Эмигрант царского времени, Уманский получил диплом доктора медицины в Брюсселе. Жил и работал в Одессе, где врачебная практика была удачной – за несколько лет Уманский стал собственником многих домов. Революция показала, что дома – не самый надежный вид вклада. Уманский вернулся к врачебной деятельности. К половине тридцатых годов он, чувствуя тогдашние ветры, решил забраться подальше и нанялся на работу в Дальстрой. Это его не спасло. Он «прошел по разверсткам» Дальстроя, в 1938 году был арестован и осужден на 15 лет. С того времени он работал заведующим моргом больницы. Хорошо работать ему мешало презрение к людям, обида на свою жизнь. У него хватало ума не ссориться с лечащими врачами – на вскрытиях он мог бы доставить им много неприятностей, а может быть, это был не ум, а презрение, и он уступал в спорах на «секции» из простого чувства презрения.
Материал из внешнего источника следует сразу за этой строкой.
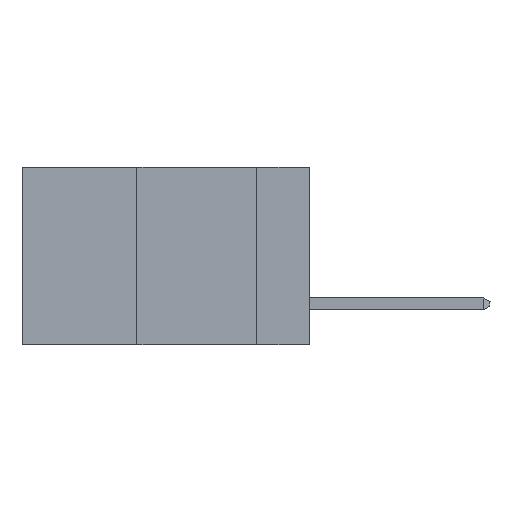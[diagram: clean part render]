
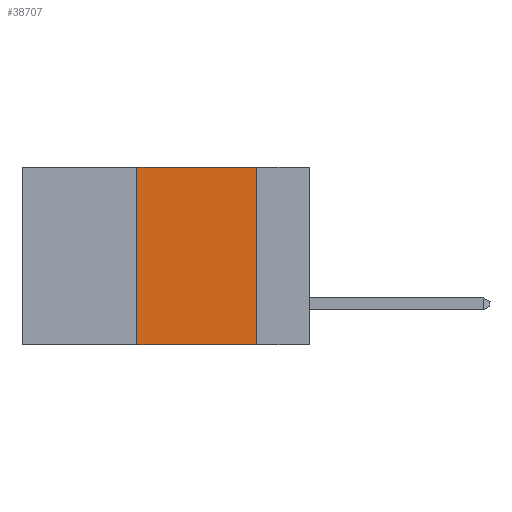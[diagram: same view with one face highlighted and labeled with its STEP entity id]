
A CAD part, left-side view. The second image highlights one B-rep face of the part: STEP entity #38707.
In plain terms, the highlighted planar face has unit normal (-1, 0, 0).
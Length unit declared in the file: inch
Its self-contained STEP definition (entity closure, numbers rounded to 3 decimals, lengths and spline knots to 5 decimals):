
#87 = DIRECTION ( 'NONE',  ( 0., 0., -1. ) ) ;
#237 = CARTESIAN_POINT ( 'NONE',  ( 0., 0.11, 0. ) ) ;
#813 = CARTESIAN_POINT ( 'NONE',  ( 0., 0.36, 0. ) ) ;
#1326 = LINE ( 'NONE', #813, #19809 ) ;
#2857 = EDGE_CURVE ( 'NONE', #20497, #42992, #3731, .T. ) ;
#3731 = LINE ( 'NONE', #5707, #11274 ) ;
#3883 = ORIENTED_EDGE ( 'NONE', *, *, #37437, .F. ) ;
#4581 = CARTESIAN_POINT ( 'NONE',  ( 0., 0.6, -0.37 ) ) ;
#5683 = FACE_OUTER_BOUND ( 'NONE', #32105, .T. ) ;
#5707 = CARTESIAN_POINT ( 'NONE',  ( 0., 0.6, 0. ) ) ;
#7038 = AXIS2_PLACEMENT_3D ( 'NONE', #35957, #10320, #24671 ) ;
#10320 = DIRECTION ( 'NONE',  ( 1., 0., 0. ) ) ;
#11274 = VECTOR ( 'NONE', #35540, 39.37008 ) ;
#11378 = LINE ( 'NONE', #237, #25228 ) ;
#14527 = ORIENTED_EDGE ( 'NONE', *, *, #34394, .F. ) ;
#18946 = EDGE_CURVE ( 'NONE', #19401, #47439, #39158, .T. ) ;
#19401 = VERTEX_POINT ( 'NONE', #39908 ) ;
#19809 = VECTOR ( 'NONE', #45167, 39.37008 ) ;
#20497 = VERTEX_POINT ( 'NONE', #28526 ) ;
#23805 = CARTESIAN_POINT ( 'NONE',  ( 0., 0.11, -0.37 ) ) ;
#24671 = DIRECTION ( 'NONE',  ( 0., 0., -1. ) ) ;
#25228 = VECTOR ( 'NONE', #87, 39.37008 ) ;
#26731 = DIRECTION ( 'NONE',  ( 0., -1., 0. ) ) ;
#28289 = ORIENTED_EDGE ( 'NONE', *, *, #2857, .F. ) ;
#28526 = CARTESIAN_POINT ( 'NONE',  ( 0., 0.36, 0. ) ) ;
#32105 = EDGE_LOOP ( 'NONE', ( #3883, #28289, #14527, #41504 ) ) ;
#32248 = PLANE ( 'NONE',  #7038 ) ;
#34394 = EDGE_CURVE ( 'NONE', #19401, #20497, #1326, .T. ) ;
#35540 = DIRECTION ( 'NONE',  ( 0., -1., 0. ) ) ;
#35957 = CARTESIAN_POINT ( 'NONE',  ( 0., 0.6, 0. ) ) ;
#37437 = EDGE_CURVE ( 'NONE', #42992, #47439, #11378, .T. ) ;
#38707 = ADVANCED_FACE ( 'NONE', ( #5683 ), #32248, .F. ) ;
#39158 = LINE ( 'NONE', #4581, #46105 ) ;
#39908 = CARTESIAN_POINT ( 'NONE',  ( 0., 0.36, -0.37 ) ) ;
#41504 = ORIENTED_EDGE ( 'NONE', *, *, #18946, .T. ) ;
#42136 = CARTESIAN_POINT ( 'NONE',  ( 0., 0.11, 0. ) ) ;
#42992 = VERTEX_POINT ( 'NONE', #42136 ) ;
#45167 = DIRECTION ( 'NONE',  ( 0., 0., 1. ) ) ;
#46105 = VECTOR ( 'NONE', #26731, 39.37008 ) ;
#47439 = VERTEX_POINT ( 'NONE', #23805 ) ;
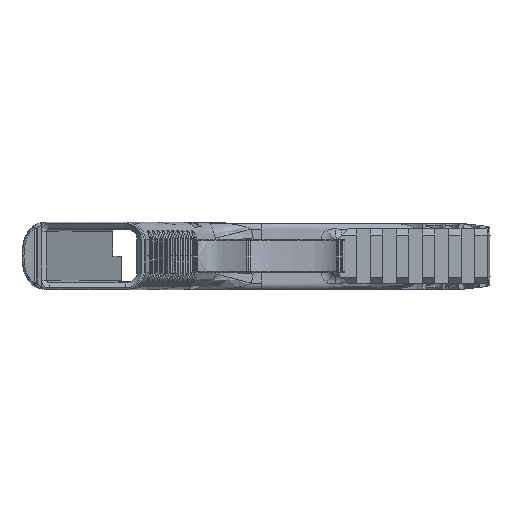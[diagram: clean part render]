
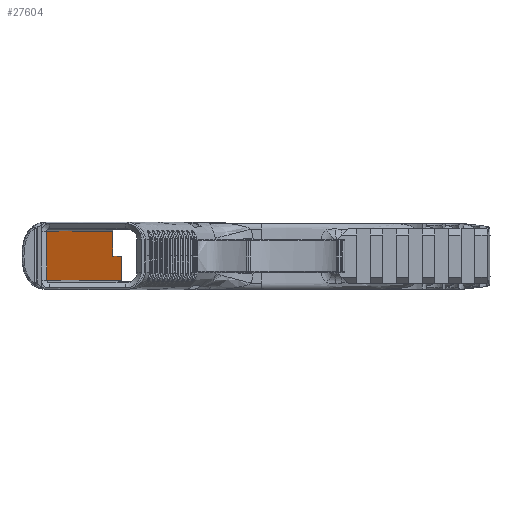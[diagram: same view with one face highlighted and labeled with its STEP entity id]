
A CAD part, top view. The second image highlights one B-rep face of the part: STEP entity #27604.
In plain terms, the highlighted planar face has unit normal (0.951, 0, 0.309).
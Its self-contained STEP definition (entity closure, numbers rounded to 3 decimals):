
#384 = DIRECTION ( 'NONE',  ( -0.951, 0., -0.309 ) ) ;
#1535 = VERTEX_POINT ( 'NONE', #17609 ) ;
#1599 = LINE ( 'NONE', #20299, #49729 ) ;
#6055 = VECTOR ( 'NONE', #47398, 1000. ) ;
#8351 = CARTESIAN_POINT ( 'NONE',  ( 24.128, -9.399, -10.543 ) ) ;
#11050 = VECTOR ( 'NONE', #54171, 1000. ) ;
#11148 = EDGE_CURVE ( 'NONE', #67500, #42721, #36229, .T. ) ;
#11398 = AXIS2_PLACEMENT_3D ( 'NONE', #12644, #384, #63957 ) ;
#12644 = CARTESIAN_POINT ( 'NONE',  ( 52.695, 0., -98.462 ) ) ;
#15085 = DIRECTION ( 'NONE',  ( 0.309, 0., -0.951 ) ) ;
#16448 = ORIENTED_EDGE ( 'NONE', *, *, #66294, .F. ) ;
#17609 = CARTESIAN_POINT ( 'NONE',  ( 49.444, 9.399, -88.458 ) ) ;
#20299 = CARTESIAN_POINT ( 'NONE',  ( 52.695, 9.399, -98.462 ) ) ;
#22197 = CARTESIAN_POINT ( 'NONE',  ( 52.695, 0.002, -98.462 ) ) ;
#22456 = DIRECTION ( 'NONE',  ( 0., 1., 0. ) ) ;
#24050 = CARTESIAN_POINT ( 'NONE',  ( 52.856, 0.001, -98.958 ) ) ;
#25374 = CARTESIAN_POINT ( 'NONE',  ( 52.856, -9.399, -98.958 ) ) ;
#25475 = EDGE_CURVE ( 'NONE', #50925, #30551, #56038, .T. ) ;
#27604 = ADVANCED_FACE ( 'NONE', ( #73187 ), #28762, .F. ) ;
#27628 = CARTESIAN_POINT ( 'NONE',  ( 49.444, 0.002, -88.458 ) ) ;
#28762 = PLANE ( 'NONE',  #11398 ) ;
#28924 = VERTEX_POINT ( 'NONE', #25374 ) ;
#30551 = VERTEX_POINT ( 'NONE', #33188 ) ;
#32878 = LINE ( 'NONE', #42321, #46237 ) ;
#32905 = EDGE_CURVE ( 'NONE', #30551, #28924, #73879, .T. ) ;
#33141 = EDGE_CURVE ( 'NONE', #42721, #1535, #1599, .T. ) ;
#33188 = CARTESIAN_POINT ( 'NONE',  ( 52.856, 0.002, -98.958 ) ) ;
#35494 = EDGE_LOOP ( 'NONE', ( #16448, #63894, #66038, #37322, #58624, #42226 ) ) ;
#36229 = LINE ( 'NONE', #67622, #39808 ) ;
#37322 = ORIENTED_EDGE ( 'NONE', *, *, #58159, .F. ) ;
#39808 = VECTOR ( 'NONE', #22456, 1000. ) ;
#41692 = VECTOR ( 'NONE', #44573, 1000. ) ;
#42226 = ORIENTED_EDGE ( 'NONE', *, *, #25475, .F. ) ;
#42321 = CARTESIAN_POINT ( 'NONE',  ( 49.444, 0., -88.458 ) ) ;
#42721 = VERTEX_POINT ( 'NONE', #46551 ) ;
#44573 = DIRECTION ( 'NONE',  ( 0.309, 0., -0.951 ) ) ;
#46237 = VECTOR ( 'NONE', #47570, 1000. ) ;
#46551 = CARTESIAN_POINT ( 'NONE',  ( 24.128, 9.399, -10.543 ) ) ;
#47398 = DIRECTION ( 'NONE',  ( 0., -1., 0. ) ) ;
#47570 = DIRECTION ( 'NONE',  ( 0., -1., 0. ) ) ;
#49729 = VECTOR ( 'NONE', #15085, 1000. ) ;
#50925 = VERTEX_POINT ( 'NONE', #27628 ) ;
#53437 = CARTESIAN_POINT ( 'NONE',  ( 52.695, -9.399, -98.462 ) ) ;
#54171 = DIRECTION ( 'NONE',  ( -0.309, 0., 0.951 ) ) ;
#56038 = LINE ( 'NONE', #22197, #41692 ) ;
#58159 = EDGE_CURVE ( 'NONE', #28924, #67500, #73502, .T. ) ;
#58624 = ORIENTED_EDGE ( 'NONE', *, *, #32905, .F. ) ;
#63894 = ORIENTED_EDGE ( 'NONE', *, *, #33141, .F. ) ;
#63957 = DIRECTION ( 'NONE',  ( -0.309, 0., 0.951 ) ) ;
#66038 = ORIENTED_EDGE ( 'NONE', *, *, #11148, .F. ) ;
#66294 = EDGE_CURVE ( 'NONE', #1535, #50925, #32878, .T. ) ;
#67500 = VERTEX_POINT ( 'NONE', #8351 ) ;
#67622 = CARTESIAN_POINT ( 'NONE',  ( 24.128, 0., -10.543 ) ) ;
#73187 = FACE_OUTER_BOUND ( 'NONE', #35494, .T. ) ;
#73502 = LINE ( 'NONE', #53437, #11050 ) ;
#73879 = LINE ( 'NONE', #24050, #6055 ) ;
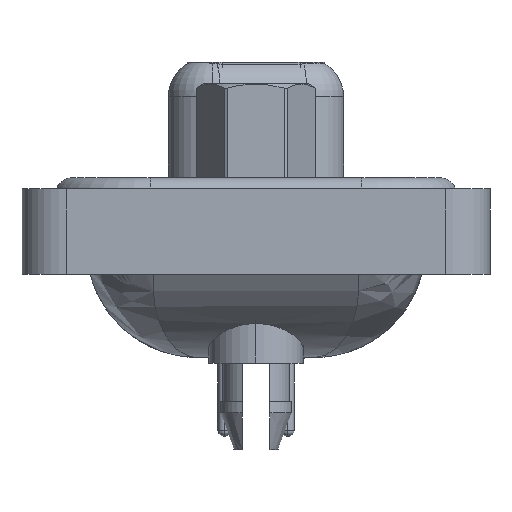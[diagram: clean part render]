
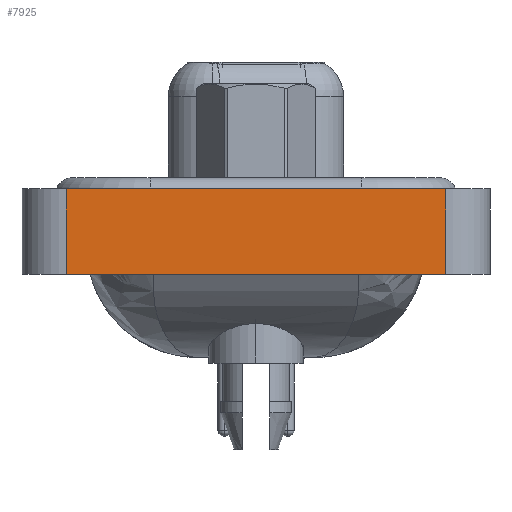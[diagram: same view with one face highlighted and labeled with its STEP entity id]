
A CAD part, left-side view. The second image highlights one B-rep face of the part: STEP entity #7925.
In plain terms, the highlighted planar face has unit normal (-1, 0, 0).
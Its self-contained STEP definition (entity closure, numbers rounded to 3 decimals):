
#1100 = DIRECTION ( 'NONE',  ( 0., 0., 1. ) ) ;
#1615 = LINE ( 'NONE', #17859, #14877 ) ;
#2064 = LINE ( 'NONE', #11230, #12075 ) ;
#3404 = AXIS2_PLACEMENT_3D ( 'NONE', #22473, #11040, #10748 ) ;
#5770 = LINE ( 'NONE', #21714, #20910 ) ;
#6244 = FACE_OUTER_BOUND ( 'NONE', #11763, .T. ) ;
#6633 = ORIENTED_EDGE ( 'NONE', *, *, #25427, .F. ) ;
#6827 = DIRECTION ( 'NONE',  ( 0., -1., 0. ) ) ;
#7925 = ADVANCED_FACE ( 'NONE', ( #6244 ), #13309, .T. ) ;
#8001 = VERTEX_POINT ( 'NONE', #15559 ) ;
#8733 = ORIENTED_EDGE ( 'NONE', *, *, #24864, .F. ) ;
#10748 = DIRECTION ( 'NONE',  ( 0., 0., 1. ) ) ;
#11040 = DIRECTION ( 'NONE',  ( -1., 0., 0. ) ) ;
#11230 = CARTESIAN_POINT ( 'NONE',  ( -7.225, -8.55, -3.35 ) ) ;
#11763 = EDGE_LOOP ( 'NONE', ( #24411, #6633, #8733, #20177 ) ) ;
#12075 = VECTOR ( 'NONE', #20405, 1000. ) ;
#13309 = PLANE ( 'NONE',  #3404 ) ;
#13365 = CARTESIAN_POINT ( 'NONE',  ( -7.225, -8.55, 0.5 ) ) ;
#14424 = EDGE_CURVE ( 'NONE', #14720, #8001, #2064, .T. ) ;
#14720 = VERTEX_POINT ( 'NONE', #26084 ) ;
#14877 = VECTOR ( 'NONE', #26711, 1000. ) ;
#15287 = EDGE_CURVE ( 'NONE', #8001, #21325, #5770, .T. ) ;
#15559 = CARTESIAN_POINT ( 'NONE',  ( -7.225, -8.55, -3.35 ) ) ;
#17859 = CARTESIAN_POINT ( 'NONE',  ( -7.225, 8.55, -3.35 ) ) ;
#18249 = LINE ( 'NONE', #29652, #24037 ) ;
#20177 = ORIENTED_EDGE ( 'NONE', *, *, #14424, .T. ) ;
#20405 = DIRECTION ( 'NONE',  ( 0., -1., 0. ) ) ;
#20910 = VECTOR ( 'NONE', #1100, 1000. ) ;
#21325 = VERTEX_POINT ( 'NONE', #13365 ) ;
#21714 = CARTESIAN_POINT ( 'NONE',  ( -7.225, -8.55, -3.35 ) ) ;
#22473 = CARTESIAN_POINT ( 'NONE',  ( -7.225, -8.55, -3.35 ) ) ;
#24037 = VECTOR ( 'NONE', #6827, 1000. ) ;
#24411 = ORIENTED_EDGE ( 'NONE', *, *, #15287, .T. ) ;
#24864 = EDGE_CURVE ( 'NONE', #14720, #29133, #1615, .T. ) ;
#25427 = EDGE_CURVE ( 'NONE', #29133, #21325, #18249, .T. ) ;
#26084 = CARTESIAN_POINT ( 'NONE',  ( -7.225, 8.55, -3.35 ) ) ;
#26711 = DIRECTION ( 'NONE',  ( 0., 0., 1. ) ) ;
#28460 = CARTESIAN_POINT ( 'NONE',  ( -7.225, 8.55, 0.5 ) ) ;
#29133 = VERTEX_POINT ( 'NONE', #28460 ) ;
#29652 = CARTESIAN_POINT ( 'NONE',  ( -7.225, -8.55, 0.5 ) ) ;
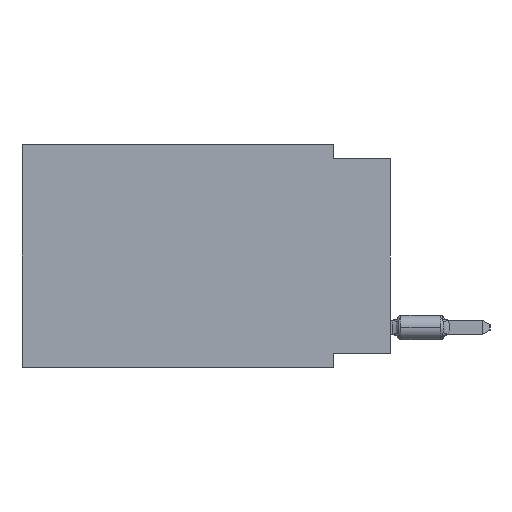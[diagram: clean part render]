
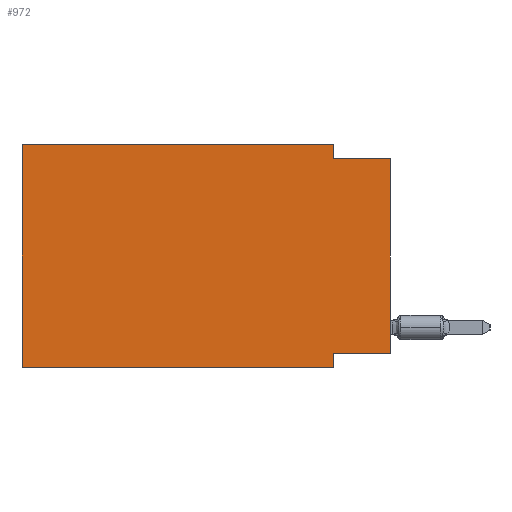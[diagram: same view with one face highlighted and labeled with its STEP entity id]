
A CAD part, left-side view. The second image highlights one B-rep face of the part: STEP entity #972.
In plain terms, the highlighted planar face has unit normal (-1, 0, 0).
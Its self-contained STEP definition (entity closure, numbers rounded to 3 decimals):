
#159 = ORIENTED_EDGE ( 'NONE', *, *, #27327, .F. ) ;
#224 = CARTESIAN_POINT ( 'NONE',  ( 0., 0., -0.635 ) ) ;
#972 = ADVANCED_FACE ( 'NONE', ( #23892 ), #1971, .F. ) ;
#1971 = PLANE ( 'NONE',  #6373 ) ;
#2565 = CARTESIAN_POINT ( 'NONE',  ( 0., 16.383, 0. ) ) ;
#2600 = ORIENTED_EDGE ( 'NONE', *, *, #33231, .F. ) ;
#2729 = EDGE_CURVE ( 'NONE', #37859, #28633, #32920, .T. ) ;
#2766 = ORIENTED_EDGE ( 'NONE', *, *, #25064, .T. ) ;
#3436 = CARTESIAN_POINT ( 'NONE',  ( 0., 2.54, 0. ) ) ;
#3736 = CARTESIAN_POINT ( 'NONE',  ( 0., 2.54, -9.271 ) ) ;
#4106 = VERTEX_POINT ( 'NONE', #33941 ) ;
#5693 = ORIENTED_EDGE ( 'NONE', *, *, #37040, .F. ) ;
#6155 = LINE ( 'NONE', #27309, #35630 ) ;
#6373 = AXIS2_PLACEMENT_3D ( 'NONE', #2565, #20650, #21255 ) ;
#6427 = LINE ( 'NONE', #12133, #24745 ) ;
#6588 = EDGE_CURVE ( 'NONE', #10528, #38178, #6427, .T. ) ;
#7103 = LINE ( 'NONE', #26013, #24303 ) ;
#7794 = ORIENTED_EDGE ( 'NONE', *, *, #2729, .F. ) ;
#9180 = DIRECTION ( 'NONE',  ( 0., 0., -1. ) ) ;
#9364 = LINE ( 'NONE', #24822, #16150 ) ;
#10341 = VECTOR ( 'NONE', #9180, 1000. ) ;
#10528 = VERTEX_POINT ( 'NONE', #3736 ) ;
#10739 = VERTEX_POINT ( 'NONE', #12228 ) ;
#11687 = VECTOR ( 'NONE', #17462, 1000. ) ;
#12034 = LINE ( 'NONE', #33378, #10341 ) ;
#12133 = CARTESIAN_POINT ( 'NONE',  ( 0., 2.54, -9.906 ) ) ;
#12228 = CARTESIAN_POINT ( 'NONE',  ( 0., 0., -9.271 ) ) ;
#13513 = CARTESIAN_POINT ( 'NONE',  ( 0., 16.383, 0. ) ) ;
#14372 = CARTESIAN_POINT ( 'NONE',  ( 0., 16.383, -9.906 ) ) ;
#16150 = VECTOR ( 'NONE', #18715, 1000. ) ;
#16924 = VERTEX_POINT ( 'NONE', #13513 ) ;
#17062 = DIRECTION ( 'NONE',  ( 0., 0., 1. ) ) ;
#17462 = DIRECTION ( 'NONE',  ( 0., -1., 0. ) ) ;
#18144 = ORIENTED_EDGE ( 'NONE', *, *, #33790, .F. ) ;
#18428 = CARTESIAN_POINT ( 'NONE',  ( 0., 2.54, -0.635 ) ) ;
#18715 = DIRECTION ( 'NONE',  ( 0., 0., 1. ) ) ;
#19964 = EDGE_CURVE ( 'NONE', #10739, #28633, #7103, .T. ) ;
#20142 = ORIENTED_EDGE ( 'NONE', *, *, #6588, .F. ) ;
#20650 = DIRECTION ( 'NONE',  ( 1., 0., 0. ) ) ;
#20847 = ORIENTED_EDGE ( 'NONE', *, *, #19964, .T. ) ;
#20868 = LINE ( 'NONE', #14372, #35498 ) ;
#21255 = DIRECTION ( 'NONE',  ( 0., 0., -1. ) ) ;
#22292 = DIRECTION ( 'NONE',  ( 0., 0., -1. ) ) ;
#22548 = LINE ( 'NONE', #34943, #23845 ) ;
#22978 = CARTESIAN_POINT ( 'NONE',  ( 0., 0., -0.635 ) ) ;
#23471 = CARTESIAN_POINT ( 'NONE',  ( 0., 2.54, -9.906 ) ) ;
#23540 = EDGE_LOOP ( 'NONE', ( #20847, #7794, #159, #2600, #5693, #2766, #20142, #18144 ) ) ;
#23845 = VECTOR ( 'NONE', #37389, 1000. ) ;
#23892 = FACE_OUTER_BOUND ( 'NONE', #23540, .T. ) ;
#24303 = VECTOR ( 'NONE', #17062, 1000. ) ;
#24745 = VECTOR ( 'NONE', #22292, 1000. ) ;
#24822 = CARTESIAN_POINT ( 'NONE',  ( 0., 16.383, 0. ) ) ;
#25064 = EDGE_CURVE ( 'NONE', #4106, #38178, #20868, .T. ) ;
#26013 = CARTESIAN_POINT ( 'NONE',  ( 0., 0., 0. ) ) ;
#26063 = VERTEX_POINT ( 'NONE', #3436 ) ;
#26774 = DIRECTION ( 'NONE',  ( 0., -1., 0. ) ) ;
#27309 = CARTESIAN_POINT ( 'NONE',  ( 0., 16.383, 0. ) ) ;
#27327 = EDGE_CURVE ( 'NONE', #26063, #37859, #12034, .T. ) ;
#28633 = VERTEX_POINT ( 'NONE', #224 ) ;
#32920 = LINE ( 'NONE', #22978, #11687 ) ;
#33231 = EDGE_CURVE ( 'NONE', #16924, #26063, #6155, .T. ) ;
#33378 = CARTESIAN_POINT ( 'NONE',  ( 0., 2.54, 0. ) ) ;
#33790 = EDGE_CURVE ( 'NONE', #10739, #10528, #22548, .T. ) ;
#33941 = CARTESIAN_POINT ( 'NONE',  ( 0., 16.383, -9.906 ) ) ;
#34943 = CARTESIAN_POINT ( 'NONE',  ( 0., 0., -9.271 ) ) ;
#35498 = VECTOR ( 'NONE', #26774, 1000. ) ;
#35630 = VECTOR ( 'NONE', #39704, 1000. ) ;
#37040 = EDGE_CURVE ( 'NONE', #4106, #16924, #9364, .T. ) ;
#37389 = DIRECTION ( 'NONE',  ( 0., 1., 0. ) ) ;
#37859 = VERTEX_POINT ( 'NONE', #18428 ) ;
#38178 = VERTEX_POINT ( 'NONE', #23471 ) ;
#39704 = DIRECTION ( 'NONE',  ( 0., -1., 0. ) ) ;

Ум у доктора Уманского был ясный. Он был неплохим лингвистом – это было его хобби, любимое дело. Он знал много языков, изучил в лагере восточные и пытался вывести законы формирования языков, тратя на это все свободное время у себя в морге, где он жил вместе с ассистентом, фельдшером Дунаевым.

Попутно, легко и как бы шутя, прочел Уманский и курс латинского языка для будущих фельдшеров. Уж что это был за латинский язык, не знаю, но родительный падеж в рецептурных записях стал даваться мне легко.

Доктор Уманский был человеком живым, откликавшимся на любое политическое событие и имеющим свое продуманное мнение по любому вопросу международной или внутренней жизни. «Самое главное, дорогие друзья, – говорил он на своих приватных беседах, – выжить и пережить Сталина. Смерть Сталина – вот что принесет нам свободу». Увы, Уманский умер в Магадане в 1953 году, не дождавшись того, чего ждал столько лет.

Читал он неплохо, но как-то нехотя. Это был самый равнодушный из всех преподавателей. Время от времени устраивались опросы, повторения, анатомия общая сменялась анатомией частной. Лишь один раздел своей науки Уманский категорически отказался читать: анатомию половых органов. Ничто не могло его убедить, и курсанты закончили обучение, так и не получив знаний по этому разделу из-за чрезмерной стыдливости брюссельского профессора. Какие причины были у Уманского? Ему казалось, что и нравственный, и культурный, и образовательный уровень курсантов недостаточно высок, чтоб подобные темы не вызывали нездорового интереса. Этот нездоровый интерес вызывался и в гимназиях – анатомическим атласом, например, и Уманский это помнил. Он был не прав – провинциалы, например, конечно, отнеслись бы к вопросу со всей серьезностью.